##### GIVEN INFORMATION #####

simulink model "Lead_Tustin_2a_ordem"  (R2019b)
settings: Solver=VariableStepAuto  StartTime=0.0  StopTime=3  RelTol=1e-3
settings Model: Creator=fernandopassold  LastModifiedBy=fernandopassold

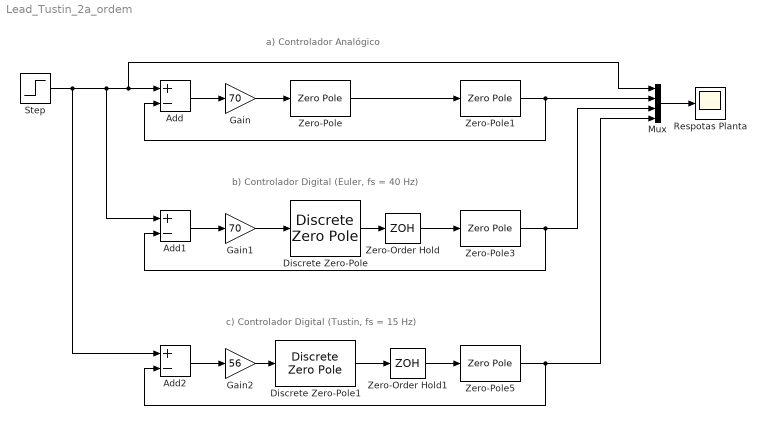
== system Lead_Tustin_2a_ordem ==
  note: a) Controlador Analógico
  note: b) Controlador Digital (Euler, fs = 40 Hz)
  note: c) Controlador Digital (Tustin, fs = 15 Hz)
  Add : Sum  Inputs=+-
  Add1 : Sum  Inputs=+-
  Add2 : Sum  Inputs=+-
  Discrete Zero-Pole : DiscreteZeroPole  Zeros=[ 0.95]  Poles=[0.75]  Gain=1  SampleTime=1/40
  Discrete Zero-Pole1 : DiscreteZeroPole  Zeros=[0.875]  Poles=[0.5]  Gain=1  SampleTime=1/15
  Gain : Gain  Gain=70
  Gain1 : Gain  Gain=70
  Gain2 : Gain  Gain=56
  Mux : Mux
  Respotas Planta : Scope
  Step : Step  SampleTime=0
  Zero-Order Hold : ZeroOrderHold  SampleTime=1/40
  Zero-Order Hold1 : ZeroOrderHold  SampleTime=1/15
  Zero-Pole : ZeroPole  Zeros=[-2]  Poles=[-10]
  Zero-Pole1 : ZeroPole  Zeros=[ ]  Poles=[0 -1]
  Zero-Pole3 : ZeroPole  Zeros=[ ]  Poles=[0 -1]
  Zero-Pole5 : ZeroPole  Zeros=[ ]  Poles=[0 -1]
  wires:
  Add/1 -> Gain/1
  Gain/1 -> Zero-Pole/1
  Zero-Pole/1 -> Zero-Pole1/1
  Zero-Pole1/1 -> Add/2, Mux/2
  Step/1 -> Add2/1, Add1/1, Mux/1, Add/1
  Add1/1 -> Gain1/1
  Gain1/1 -> Discrete Zero-Pole/1
  Zero-Pole3/1 -> Add1/2, Mux/3
  Add2/1 -> Gain2/1
  Gain2/1 -> Discrete Zero-Pole1/1
  Zero-Pole5/1 -> Add2/2, Mux/4
  Discrete Zero-Pole/1 -> Zero-Order Hold/1
  Zero-Order Hold/1 -> Zero-Pole3/1
  Discrete Zero-Pole1/1 -> Zero-Order Hold1/1
  Zero-Order Hold1/1 -> Zero-Pole5/1
  Mux/1 -> Respotas Planta/1
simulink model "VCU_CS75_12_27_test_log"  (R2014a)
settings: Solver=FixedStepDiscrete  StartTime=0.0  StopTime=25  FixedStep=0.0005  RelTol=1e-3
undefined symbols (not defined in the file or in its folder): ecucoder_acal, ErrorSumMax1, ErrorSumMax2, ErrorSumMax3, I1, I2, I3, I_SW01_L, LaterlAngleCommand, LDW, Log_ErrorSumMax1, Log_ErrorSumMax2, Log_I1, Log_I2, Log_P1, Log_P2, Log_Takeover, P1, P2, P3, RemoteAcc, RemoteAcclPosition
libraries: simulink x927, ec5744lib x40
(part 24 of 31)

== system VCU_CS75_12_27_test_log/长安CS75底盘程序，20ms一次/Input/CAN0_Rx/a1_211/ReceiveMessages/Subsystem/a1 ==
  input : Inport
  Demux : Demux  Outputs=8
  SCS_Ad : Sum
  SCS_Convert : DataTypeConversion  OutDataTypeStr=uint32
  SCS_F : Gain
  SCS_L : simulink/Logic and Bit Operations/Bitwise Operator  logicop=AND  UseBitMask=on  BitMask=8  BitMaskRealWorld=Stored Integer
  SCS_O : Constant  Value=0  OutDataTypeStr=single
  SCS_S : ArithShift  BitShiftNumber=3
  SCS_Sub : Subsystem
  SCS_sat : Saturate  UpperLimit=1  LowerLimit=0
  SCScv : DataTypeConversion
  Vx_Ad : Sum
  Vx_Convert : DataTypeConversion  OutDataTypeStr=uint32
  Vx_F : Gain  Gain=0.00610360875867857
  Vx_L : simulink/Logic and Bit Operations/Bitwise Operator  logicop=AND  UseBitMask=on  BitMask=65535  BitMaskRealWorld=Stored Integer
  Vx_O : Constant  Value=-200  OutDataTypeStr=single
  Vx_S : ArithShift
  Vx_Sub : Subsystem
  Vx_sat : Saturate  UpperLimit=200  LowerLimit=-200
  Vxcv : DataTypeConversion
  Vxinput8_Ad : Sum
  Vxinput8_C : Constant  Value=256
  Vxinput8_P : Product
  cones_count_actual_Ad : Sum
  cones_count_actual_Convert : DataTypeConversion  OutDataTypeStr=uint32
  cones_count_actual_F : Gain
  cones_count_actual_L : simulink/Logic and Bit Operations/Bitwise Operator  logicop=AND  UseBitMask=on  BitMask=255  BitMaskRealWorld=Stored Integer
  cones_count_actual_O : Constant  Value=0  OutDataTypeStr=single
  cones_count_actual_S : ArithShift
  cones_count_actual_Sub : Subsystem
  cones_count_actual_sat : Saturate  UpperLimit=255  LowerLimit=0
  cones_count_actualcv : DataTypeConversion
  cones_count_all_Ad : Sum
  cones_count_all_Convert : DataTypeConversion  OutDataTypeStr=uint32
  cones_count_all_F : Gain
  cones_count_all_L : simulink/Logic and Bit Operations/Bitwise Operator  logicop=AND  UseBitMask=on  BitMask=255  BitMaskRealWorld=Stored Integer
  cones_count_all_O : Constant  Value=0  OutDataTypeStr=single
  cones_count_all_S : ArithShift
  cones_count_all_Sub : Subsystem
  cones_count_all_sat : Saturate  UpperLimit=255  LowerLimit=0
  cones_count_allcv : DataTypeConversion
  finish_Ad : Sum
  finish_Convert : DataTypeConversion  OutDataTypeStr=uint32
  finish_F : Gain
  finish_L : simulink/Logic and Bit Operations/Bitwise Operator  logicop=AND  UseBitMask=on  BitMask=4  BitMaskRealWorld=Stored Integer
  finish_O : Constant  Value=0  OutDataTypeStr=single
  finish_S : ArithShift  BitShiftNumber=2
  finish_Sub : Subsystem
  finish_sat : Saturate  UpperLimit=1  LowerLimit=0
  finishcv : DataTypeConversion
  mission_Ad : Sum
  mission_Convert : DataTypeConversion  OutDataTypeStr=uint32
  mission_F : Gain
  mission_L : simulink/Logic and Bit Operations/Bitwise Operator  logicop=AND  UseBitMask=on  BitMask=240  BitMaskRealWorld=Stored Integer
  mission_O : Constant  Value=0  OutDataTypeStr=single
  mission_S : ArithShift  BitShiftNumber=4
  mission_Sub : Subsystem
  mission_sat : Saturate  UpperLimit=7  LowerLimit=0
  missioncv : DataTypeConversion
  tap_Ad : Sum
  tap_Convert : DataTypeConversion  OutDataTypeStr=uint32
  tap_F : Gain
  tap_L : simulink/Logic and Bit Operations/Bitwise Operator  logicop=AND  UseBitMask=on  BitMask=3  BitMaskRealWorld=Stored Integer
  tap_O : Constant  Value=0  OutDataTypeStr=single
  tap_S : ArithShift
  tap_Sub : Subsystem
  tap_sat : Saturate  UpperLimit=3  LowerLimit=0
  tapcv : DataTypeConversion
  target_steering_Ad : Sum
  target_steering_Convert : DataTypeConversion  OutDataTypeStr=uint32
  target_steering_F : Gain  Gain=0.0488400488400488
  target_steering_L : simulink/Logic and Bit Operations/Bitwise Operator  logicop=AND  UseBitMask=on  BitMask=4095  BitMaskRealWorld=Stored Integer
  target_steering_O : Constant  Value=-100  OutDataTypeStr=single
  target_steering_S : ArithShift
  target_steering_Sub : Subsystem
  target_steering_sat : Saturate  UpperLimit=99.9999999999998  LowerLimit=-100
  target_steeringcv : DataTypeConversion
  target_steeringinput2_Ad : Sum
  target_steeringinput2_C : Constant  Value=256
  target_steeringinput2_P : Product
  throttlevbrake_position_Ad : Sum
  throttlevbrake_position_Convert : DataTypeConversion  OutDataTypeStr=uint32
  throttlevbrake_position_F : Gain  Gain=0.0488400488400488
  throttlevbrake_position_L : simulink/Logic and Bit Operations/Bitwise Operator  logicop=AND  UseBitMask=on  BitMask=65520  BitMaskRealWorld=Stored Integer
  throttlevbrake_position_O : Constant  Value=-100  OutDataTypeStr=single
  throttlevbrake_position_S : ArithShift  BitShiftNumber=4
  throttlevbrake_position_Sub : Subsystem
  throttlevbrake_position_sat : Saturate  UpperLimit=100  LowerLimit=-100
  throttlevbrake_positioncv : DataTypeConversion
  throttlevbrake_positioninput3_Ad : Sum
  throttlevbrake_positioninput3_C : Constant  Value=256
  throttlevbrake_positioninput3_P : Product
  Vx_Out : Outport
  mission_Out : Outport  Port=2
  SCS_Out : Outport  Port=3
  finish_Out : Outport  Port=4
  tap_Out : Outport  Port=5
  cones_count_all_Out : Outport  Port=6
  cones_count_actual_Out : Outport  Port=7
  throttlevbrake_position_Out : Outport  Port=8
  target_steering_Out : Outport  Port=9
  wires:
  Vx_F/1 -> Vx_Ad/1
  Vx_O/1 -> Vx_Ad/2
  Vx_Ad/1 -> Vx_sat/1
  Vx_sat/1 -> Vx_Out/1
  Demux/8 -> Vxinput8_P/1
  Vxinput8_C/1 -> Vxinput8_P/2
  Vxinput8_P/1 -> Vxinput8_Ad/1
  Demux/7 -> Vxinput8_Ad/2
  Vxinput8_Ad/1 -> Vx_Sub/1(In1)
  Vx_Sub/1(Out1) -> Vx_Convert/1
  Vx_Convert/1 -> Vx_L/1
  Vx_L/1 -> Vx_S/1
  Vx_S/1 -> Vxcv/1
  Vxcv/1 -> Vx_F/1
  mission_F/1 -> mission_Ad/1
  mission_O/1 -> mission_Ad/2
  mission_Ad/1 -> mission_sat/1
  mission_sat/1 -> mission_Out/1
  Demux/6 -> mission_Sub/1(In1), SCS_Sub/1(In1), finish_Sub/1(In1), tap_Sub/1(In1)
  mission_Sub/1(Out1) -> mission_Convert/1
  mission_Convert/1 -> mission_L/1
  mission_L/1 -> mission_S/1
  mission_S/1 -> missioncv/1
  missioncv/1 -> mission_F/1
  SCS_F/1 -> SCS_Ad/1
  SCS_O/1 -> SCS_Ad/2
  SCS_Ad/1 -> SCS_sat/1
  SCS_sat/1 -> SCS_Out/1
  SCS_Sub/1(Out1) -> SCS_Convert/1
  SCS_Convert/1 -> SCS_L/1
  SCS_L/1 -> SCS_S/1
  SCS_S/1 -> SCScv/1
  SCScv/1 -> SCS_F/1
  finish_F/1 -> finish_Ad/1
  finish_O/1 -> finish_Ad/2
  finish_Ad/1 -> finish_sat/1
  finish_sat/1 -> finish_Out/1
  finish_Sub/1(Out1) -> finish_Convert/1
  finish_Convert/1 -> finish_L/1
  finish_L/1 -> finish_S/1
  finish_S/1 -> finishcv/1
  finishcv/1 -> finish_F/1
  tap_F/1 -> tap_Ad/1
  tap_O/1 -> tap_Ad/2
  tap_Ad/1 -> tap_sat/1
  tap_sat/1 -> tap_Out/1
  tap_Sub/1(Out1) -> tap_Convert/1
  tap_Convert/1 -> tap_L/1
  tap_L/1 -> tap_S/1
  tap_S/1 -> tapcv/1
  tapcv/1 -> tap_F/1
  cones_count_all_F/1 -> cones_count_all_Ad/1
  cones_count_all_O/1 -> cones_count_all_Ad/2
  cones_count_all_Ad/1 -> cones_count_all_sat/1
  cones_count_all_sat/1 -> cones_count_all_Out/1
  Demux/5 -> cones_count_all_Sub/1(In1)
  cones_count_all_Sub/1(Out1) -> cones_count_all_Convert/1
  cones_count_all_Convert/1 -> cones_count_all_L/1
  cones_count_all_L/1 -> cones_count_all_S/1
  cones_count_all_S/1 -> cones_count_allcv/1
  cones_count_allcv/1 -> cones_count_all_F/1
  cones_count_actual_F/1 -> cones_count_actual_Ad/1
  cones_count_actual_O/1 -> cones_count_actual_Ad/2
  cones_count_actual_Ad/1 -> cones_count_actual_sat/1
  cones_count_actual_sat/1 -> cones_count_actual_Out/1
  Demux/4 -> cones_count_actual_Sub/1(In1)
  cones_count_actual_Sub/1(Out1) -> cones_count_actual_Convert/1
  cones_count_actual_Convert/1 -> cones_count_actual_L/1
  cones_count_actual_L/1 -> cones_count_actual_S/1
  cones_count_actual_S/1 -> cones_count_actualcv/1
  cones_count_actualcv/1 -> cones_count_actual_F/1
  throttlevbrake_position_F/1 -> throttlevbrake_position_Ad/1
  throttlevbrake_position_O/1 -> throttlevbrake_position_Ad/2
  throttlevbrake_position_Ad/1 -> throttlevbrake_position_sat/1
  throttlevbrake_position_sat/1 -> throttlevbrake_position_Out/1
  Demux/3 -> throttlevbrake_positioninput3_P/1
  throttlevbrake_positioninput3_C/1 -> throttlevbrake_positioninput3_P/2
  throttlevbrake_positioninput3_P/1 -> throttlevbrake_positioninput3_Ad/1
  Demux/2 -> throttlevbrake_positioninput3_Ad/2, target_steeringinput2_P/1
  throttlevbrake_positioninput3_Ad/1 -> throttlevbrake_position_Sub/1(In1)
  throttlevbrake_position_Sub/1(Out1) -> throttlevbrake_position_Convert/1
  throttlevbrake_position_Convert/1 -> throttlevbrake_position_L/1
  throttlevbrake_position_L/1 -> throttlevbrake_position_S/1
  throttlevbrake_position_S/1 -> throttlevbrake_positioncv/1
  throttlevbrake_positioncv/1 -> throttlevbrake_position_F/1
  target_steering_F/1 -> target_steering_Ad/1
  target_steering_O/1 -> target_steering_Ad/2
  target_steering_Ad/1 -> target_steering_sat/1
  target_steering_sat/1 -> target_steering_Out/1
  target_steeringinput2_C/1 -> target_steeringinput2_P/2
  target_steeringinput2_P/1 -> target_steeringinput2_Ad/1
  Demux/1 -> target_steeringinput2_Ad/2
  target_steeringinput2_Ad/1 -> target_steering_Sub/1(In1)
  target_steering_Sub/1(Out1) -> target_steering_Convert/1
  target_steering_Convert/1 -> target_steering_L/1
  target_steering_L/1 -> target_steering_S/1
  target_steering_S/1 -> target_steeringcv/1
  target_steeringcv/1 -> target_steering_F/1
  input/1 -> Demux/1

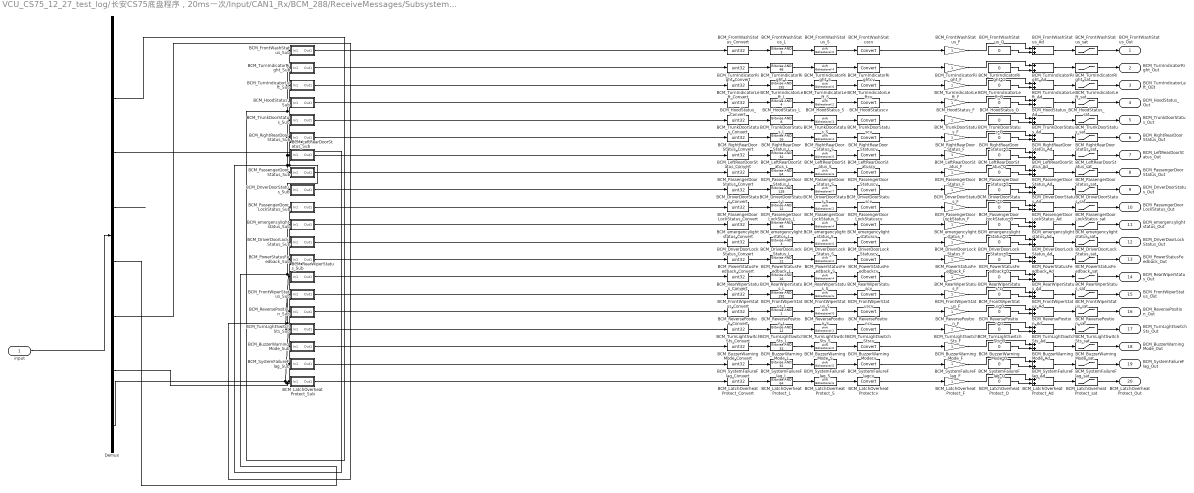
== system VCU_CS75_12_27_test_log/长安CS75底盘程序，20ms一次/Input/CAN1_Rx/BCM_288/ReceiveMessages/Subsystem/BCM_1 ==
  input : Inport
  BCM_BuzzerWarningMode_Ad : Sum
  BCM_BuzzerWarningMode_Convert : DataTypeConversion  OutDataTypeStr=uint32
  BCM_BuzzerWarningMode_F : Gain
  BCM_BuzzerWarningMode_L : simulink/Logic and Bit Operations/Bitwise Operator  logicop=AND  UseBitMask=on  BitMask=31  BitMaskRealWorld=Stored Integer
  BCM_BuzzerWarningMode_O : Constant  Value=0  OutDataTypeStr=single
  BCM_BuzzerWarningMode_S : ArithShift
  BCM_BuzzerWarningMode_Sub : Subsystem
  BCM_BuzzerWarningMode_sat : Saturate  UpperLimit=31  LowerLimit=0
  BCM_BuzzerWarningModecv : DataTypeConversion
  BCM_DriverDoorLockStatus_Ad : Sum
  BCM_DriverDoorLockStatus_Convert : DataTypeConversion  OutDataTypeStr=uint32
  BCM_DriverDoorLockStatus_F : Gain
  BCM_DriverDoorLockStatus_L : simulink/Logic and Bit Operations/Bitwise Operator  logicop=AND  UseBitMask=on  BitMask=3  BitMaskRealWorld=Stored Integer
  BCM_DriverDoorLockStatus_O : Constant  Value=0  OutDataTypeStr=single
  BCM_DriverDoorLockStatus_S : ArithShift
  BCM_DriverDoorLockStatus_Sub : Subsystem
  BCM_DriverDoorLockStatus_sat : Saturate  UpperLimit=3  LowerLimit=0
  BCM_DriverDoorLockStatuscv : DataTypeConversion
  BCM_DriverDoorStatus_Ad : Sum
  BCM_DriverDoorStatus_Convert : DataTypeConversion  OutDataTypeStr=uint32
  BCM_DriverDoorStatus_F : Gain
  BCM_DriverDoorStatus_L : simulink/Logic and Bit Operations/Bitwise Operator  logicop=AND  UseBitMask=on  BitMask=128  BitMaskRealWorld=Stored Integer
  BCM_DriverDoorStatus_O : Constant  Value=0  OutDataTypeStr=single
  BCM_DriverDoorStatus_S : ArithShift  BitShiftNumber=7
  BCM_DriverDoorStatus_Sub : Subsystem
  BCM_DriverDoorStatus_sat : Saturate  UpperLimit=1  LowerLimit=0
  BCM_DriverDoorStatuscv : DataTypeConversion
  BCM_FrontWashStatus_Ad : Sum
  BCM_FrontWashStatus_Convert : DataTypeConversion  OutDataTypeStr=uint32
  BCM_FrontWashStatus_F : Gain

#####

_EXERCISE AIM_. Look through the entries for the string "missioncv". Every line that has it belongs in the answer.

_YOUR RESPONSE_.
  missioncv : DataTypeConversion
  mission_S/1 -> missioncv/1
  missioncv/1 -> mission_F/1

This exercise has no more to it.